[Data records]
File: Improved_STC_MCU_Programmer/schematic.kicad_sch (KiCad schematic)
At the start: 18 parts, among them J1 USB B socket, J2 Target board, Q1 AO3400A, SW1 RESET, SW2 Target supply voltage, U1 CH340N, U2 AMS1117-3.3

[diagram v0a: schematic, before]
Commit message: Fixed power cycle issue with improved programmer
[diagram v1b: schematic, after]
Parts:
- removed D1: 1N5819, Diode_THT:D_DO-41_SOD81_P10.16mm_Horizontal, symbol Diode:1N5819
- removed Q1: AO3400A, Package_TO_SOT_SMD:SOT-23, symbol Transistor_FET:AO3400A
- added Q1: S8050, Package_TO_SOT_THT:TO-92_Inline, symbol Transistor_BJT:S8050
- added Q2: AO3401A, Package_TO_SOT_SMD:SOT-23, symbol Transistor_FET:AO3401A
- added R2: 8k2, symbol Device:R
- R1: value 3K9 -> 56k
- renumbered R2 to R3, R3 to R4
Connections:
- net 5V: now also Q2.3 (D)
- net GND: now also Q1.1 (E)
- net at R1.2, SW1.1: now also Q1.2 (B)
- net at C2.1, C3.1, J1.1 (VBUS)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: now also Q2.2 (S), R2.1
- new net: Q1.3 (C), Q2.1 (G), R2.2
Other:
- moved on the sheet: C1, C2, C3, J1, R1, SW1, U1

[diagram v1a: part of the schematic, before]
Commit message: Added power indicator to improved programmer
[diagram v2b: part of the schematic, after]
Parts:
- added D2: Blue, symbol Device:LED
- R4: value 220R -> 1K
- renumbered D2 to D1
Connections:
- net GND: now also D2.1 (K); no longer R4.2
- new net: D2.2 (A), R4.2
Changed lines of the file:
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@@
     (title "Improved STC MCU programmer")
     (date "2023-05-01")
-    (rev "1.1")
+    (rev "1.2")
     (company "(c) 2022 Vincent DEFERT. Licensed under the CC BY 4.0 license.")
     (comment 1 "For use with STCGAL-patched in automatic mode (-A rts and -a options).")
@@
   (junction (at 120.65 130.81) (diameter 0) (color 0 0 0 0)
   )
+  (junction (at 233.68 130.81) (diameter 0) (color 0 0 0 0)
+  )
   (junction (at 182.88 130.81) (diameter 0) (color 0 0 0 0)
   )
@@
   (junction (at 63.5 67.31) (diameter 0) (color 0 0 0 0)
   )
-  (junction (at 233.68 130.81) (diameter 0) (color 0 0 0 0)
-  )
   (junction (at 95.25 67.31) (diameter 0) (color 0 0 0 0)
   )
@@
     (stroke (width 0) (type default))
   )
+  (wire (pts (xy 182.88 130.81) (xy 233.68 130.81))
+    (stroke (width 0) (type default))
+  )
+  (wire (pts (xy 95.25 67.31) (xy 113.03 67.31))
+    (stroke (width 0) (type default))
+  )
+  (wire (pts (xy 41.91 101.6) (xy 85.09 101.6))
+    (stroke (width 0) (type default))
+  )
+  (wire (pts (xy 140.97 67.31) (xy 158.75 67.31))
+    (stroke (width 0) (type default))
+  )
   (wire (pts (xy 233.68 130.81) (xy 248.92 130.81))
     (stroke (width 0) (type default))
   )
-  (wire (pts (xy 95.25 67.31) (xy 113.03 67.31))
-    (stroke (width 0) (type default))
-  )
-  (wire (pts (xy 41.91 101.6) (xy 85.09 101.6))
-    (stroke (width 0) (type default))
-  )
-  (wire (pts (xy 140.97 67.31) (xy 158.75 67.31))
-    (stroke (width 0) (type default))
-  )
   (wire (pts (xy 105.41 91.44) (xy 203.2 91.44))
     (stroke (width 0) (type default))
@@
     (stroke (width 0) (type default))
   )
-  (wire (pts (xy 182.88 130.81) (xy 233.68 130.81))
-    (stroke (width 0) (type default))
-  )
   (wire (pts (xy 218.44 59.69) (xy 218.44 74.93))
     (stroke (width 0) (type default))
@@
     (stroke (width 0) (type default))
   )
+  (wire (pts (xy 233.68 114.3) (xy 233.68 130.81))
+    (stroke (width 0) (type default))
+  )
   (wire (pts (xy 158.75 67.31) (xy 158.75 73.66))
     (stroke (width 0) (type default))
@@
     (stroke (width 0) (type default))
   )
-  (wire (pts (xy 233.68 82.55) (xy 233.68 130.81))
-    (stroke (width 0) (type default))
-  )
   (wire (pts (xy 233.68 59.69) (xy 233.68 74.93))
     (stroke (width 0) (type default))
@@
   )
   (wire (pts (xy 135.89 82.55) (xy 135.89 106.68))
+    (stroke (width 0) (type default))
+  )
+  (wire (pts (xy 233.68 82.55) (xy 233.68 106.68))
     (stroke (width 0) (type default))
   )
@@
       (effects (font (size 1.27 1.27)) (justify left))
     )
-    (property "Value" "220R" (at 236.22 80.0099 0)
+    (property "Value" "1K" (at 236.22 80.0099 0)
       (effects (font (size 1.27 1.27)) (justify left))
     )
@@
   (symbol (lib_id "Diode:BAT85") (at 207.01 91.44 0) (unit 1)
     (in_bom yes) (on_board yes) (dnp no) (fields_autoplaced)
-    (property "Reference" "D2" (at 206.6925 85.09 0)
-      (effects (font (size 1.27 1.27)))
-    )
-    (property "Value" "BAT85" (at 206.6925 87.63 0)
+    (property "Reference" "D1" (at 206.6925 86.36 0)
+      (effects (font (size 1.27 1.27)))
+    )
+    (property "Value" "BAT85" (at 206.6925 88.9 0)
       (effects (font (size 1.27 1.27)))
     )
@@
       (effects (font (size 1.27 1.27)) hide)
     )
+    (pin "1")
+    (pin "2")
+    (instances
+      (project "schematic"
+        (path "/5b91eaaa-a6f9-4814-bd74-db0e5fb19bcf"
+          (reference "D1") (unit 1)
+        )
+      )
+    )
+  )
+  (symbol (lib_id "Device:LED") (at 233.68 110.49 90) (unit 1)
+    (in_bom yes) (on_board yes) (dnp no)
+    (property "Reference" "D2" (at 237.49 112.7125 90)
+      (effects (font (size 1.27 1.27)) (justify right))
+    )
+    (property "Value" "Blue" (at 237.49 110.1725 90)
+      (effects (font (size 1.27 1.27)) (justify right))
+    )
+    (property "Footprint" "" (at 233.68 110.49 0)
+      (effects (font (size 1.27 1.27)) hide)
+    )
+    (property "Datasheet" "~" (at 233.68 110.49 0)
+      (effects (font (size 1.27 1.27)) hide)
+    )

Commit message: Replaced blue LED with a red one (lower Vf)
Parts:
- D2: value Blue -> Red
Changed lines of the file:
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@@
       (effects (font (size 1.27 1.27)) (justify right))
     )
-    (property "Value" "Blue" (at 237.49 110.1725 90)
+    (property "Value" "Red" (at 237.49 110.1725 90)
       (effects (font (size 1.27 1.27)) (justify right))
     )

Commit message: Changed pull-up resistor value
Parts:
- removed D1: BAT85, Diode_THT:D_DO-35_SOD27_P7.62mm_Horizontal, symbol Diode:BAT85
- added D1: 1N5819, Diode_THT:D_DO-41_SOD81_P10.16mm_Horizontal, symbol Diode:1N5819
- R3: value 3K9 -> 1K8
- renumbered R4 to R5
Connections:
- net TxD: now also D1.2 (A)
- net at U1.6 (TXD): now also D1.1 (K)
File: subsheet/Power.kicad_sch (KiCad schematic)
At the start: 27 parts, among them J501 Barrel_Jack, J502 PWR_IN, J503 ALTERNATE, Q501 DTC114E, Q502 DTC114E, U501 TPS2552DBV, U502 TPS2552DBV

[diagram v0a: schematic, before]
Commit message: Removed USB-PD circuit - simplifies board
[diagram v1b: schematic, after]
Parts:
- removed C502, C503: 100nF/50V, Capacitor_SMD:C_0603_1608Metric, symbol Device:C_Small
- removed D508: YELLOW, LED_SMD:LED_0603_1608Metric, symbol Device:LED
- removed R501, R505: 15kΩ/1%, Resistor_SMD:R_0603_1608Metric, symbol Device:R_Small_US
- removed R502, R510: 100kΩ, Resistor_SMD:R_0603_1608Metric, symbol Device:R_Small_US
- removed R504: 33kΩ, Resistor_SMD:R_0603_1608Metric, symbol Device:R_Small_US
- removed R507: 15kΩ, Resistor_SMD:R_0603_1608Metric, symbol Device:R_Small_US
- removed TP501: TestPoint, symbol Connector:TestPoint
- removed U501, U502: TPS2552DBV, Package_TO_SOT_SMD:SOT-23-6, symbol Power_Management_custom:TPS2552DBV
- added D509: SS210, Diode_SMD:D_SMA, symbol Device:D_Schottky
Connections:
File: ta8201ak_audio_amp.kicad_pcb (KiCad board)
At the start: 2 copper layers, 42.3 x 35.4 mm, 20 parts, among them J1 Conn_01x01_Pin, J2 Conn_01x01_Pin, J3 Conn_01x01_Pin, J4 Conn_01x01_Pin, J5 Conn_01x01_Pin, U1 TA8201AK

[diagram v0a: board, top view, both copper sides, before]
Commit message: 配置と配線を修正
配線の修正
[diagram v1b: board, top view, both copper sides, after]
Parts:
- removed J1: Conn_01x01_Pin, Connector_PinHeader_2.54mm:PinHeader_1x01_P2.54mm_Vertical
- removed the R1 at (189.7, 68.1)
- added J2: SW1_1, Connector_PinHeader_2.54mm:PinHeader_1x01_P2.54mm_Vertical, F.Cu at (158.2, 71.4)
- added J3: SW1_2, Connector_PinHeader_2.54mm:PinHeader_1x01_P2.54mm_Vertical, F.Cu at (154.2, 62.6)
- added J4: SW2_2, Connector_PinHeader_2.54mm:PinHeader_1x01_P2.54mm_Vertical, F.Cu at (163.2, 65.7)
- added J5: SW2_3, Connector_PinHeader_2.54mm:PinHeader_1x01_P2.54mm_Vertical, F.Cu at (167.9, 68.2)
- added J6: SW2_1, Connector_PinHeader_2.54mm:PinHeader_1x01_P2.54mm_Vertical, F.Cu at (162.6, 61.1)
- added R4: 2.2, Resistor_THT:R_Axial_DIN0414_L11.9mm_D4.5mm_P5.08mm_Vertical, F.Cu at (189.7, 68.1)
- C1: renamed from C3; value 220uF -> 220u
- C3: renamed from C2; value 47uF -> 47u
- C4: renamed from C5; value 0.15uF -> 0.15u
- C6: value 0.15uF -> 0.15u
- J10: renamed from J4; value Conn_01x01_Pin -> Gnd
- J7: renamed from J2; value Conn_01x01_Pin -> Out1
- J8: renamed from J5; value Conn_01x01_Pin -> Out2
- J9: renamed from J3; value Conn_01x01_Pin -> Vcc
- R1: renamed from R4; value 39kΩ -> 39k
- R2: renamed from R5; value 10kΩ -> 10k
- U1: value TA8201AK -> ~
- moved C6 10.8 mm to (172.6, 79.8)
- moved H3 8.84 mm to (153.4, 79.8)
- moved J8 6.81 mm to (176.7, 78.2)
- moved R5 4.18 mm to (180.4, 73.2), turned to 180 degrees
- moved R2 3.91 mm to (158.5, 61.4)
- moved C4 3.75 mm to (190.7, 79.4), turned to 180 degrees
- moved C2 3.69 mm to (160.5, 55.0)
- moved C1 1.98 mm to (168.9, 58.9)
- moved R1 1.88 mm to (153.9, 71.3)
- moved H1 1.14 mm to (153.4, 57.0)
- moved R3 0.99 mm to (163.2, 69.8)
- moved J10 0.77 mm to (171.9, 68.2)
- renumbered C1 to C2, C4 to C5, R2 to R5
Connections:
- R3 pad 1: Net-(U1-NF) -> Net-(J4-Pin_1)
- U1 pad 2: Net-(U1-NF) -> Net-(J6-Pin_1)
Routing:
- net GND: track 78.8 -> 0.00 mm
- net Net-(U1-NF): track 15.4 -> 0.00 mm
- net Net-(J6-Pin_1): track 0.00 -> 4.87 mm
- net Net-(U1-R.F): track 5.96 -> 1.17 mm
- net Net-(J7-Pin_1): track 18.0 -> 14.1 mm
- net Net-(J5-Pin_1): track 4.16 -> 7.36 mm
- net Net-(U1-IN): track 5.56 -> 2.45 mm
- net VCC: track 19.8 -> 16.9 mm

**Work to be completed**
Copy out each line of the entries where the word "unit" is found.

**Answer to the problem**
   (symbol (lib_id "Diode:BAT85") (at 207.01 91.44 0) (unit 1)
+          (reference "D1") (unit 1)
+  (symbol (lib_id "Device:LED") (at 233.68 110.49 90) (unit 1)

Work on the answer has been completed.